Fernando Pessoa e a Coca-Cola: a história de um slogan icónico
O poeta dos heterónimos também foi um criativo. E uma frase ficou dos tempos em que emprestava o génio a campanhas publicitárias. Escrita para o lançamento da Coca-Cola, terá ajudado a que a bebida castanha e açucarada fosse banida de Portugal. "Primeiro estranha-se, depois entranha-se" continha níveis de toxicidade intoleráveis para o Estado Novo de Salazar. Toda a história contada aqui.
Estão praticamente cem anos volvidos desde que esta história aconteceu. Ainda Fernando Pessoa não era o poeta celebrado que é hoje, nem a Coca-Cola o refrigerante mais famoso do mundo. A bebida castanha, açucarada e gaseificada já circulava por certos cafés portugueses, quando a marca americana quis entrar oficialmente no país.

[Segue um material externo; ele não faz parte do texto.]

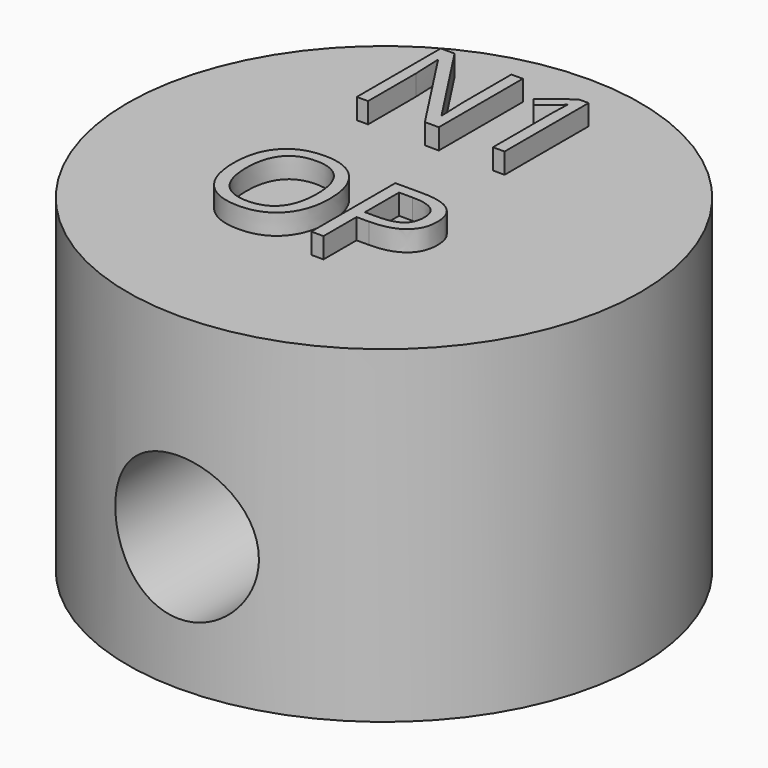
from build123d import *

# Parameters (mm, degrees)
F0_R         = 12.5
F1_DEPTH     = 16
F3_R         = 3.5
F4_DEPTH     = 25.001
F5_TEXT_SIZE = 7.171671896
F6_DEPTH     = 1


# Not quite as in the source:
# - Text() gives the source's letters only with a copy of the font that has no kerning and outlines rounded to 1/6400 em; it was checked with that copy


with BuildPart() as f1:
    # F0 (on Top) → F1 (new body)
    with BuildSketch(Plane.XY):
        Circle(F0_R)
    extrude(amount=F1_DEPTH)

    # F3 (on offset) → F4 (cut, through all)
    with BuildSketch(Plane.XZ.offset(-12.5)):
        with Locations((0, 6.5)):
            Circle(F3_R)
    extrude(amount=F4_DEPTH, mode=Mode.SUBTRACT)

    # F5 (on face) → F6 (join)
    with BuildSketch(Plane.XY.offset(16)):
        with Locations((-5.5, 4.3363962349)):
            Text('N1', F5_TEXT_SIZE, font='Open Sans', text_align=(TextAlign.LEFT, TextAlign.BOTTOM))
        with Locations((-5.5, -5.4170775437)):
            Text('OP', F5_TEXT_SIZE, font='Open Sans', text_align=(TextAlign.LEFT, TextAlign.BOTTOM))
    extrude(amount=F6_DEPTH)


solid = f1.part

A primeira e única agência de publicidade que então existia, a Hora, encomendou um slogan a um certo colaborador, habituado aos desafios da escrita e com – podemos dizer – especial inclinação para fazer versos. Não era poesia o pretendido, mas o génio de Pessoa manifestou-se também no ramo publicitário com quatro palavras a formar uma frase inovadora e exemplar das regras exigidas a uma boa campanha. “Primeiro estranha-se. Depois, entranha-se.”, sintetizava na perfeição a experiência que esta bebida, inventada sob a fórmula de xarope estimulante, numa farmácia em Atlanta, podia proporcionar.
De desejada a fruto proibido, a Coca-Cola conheceu nos anos 20 a primeira grande concorrente em Portugal. Chamava-se censura e terá sido acionada por esta mesma frase, que causou estranheza ao diretor de Saúde de Oliveira Salazar. Para Ricardo Jorge, o produto era uma espécie de droga, assumida desde logo no nome e cuja toxicidade o slogan de Fernando Pessoa parecia evocar.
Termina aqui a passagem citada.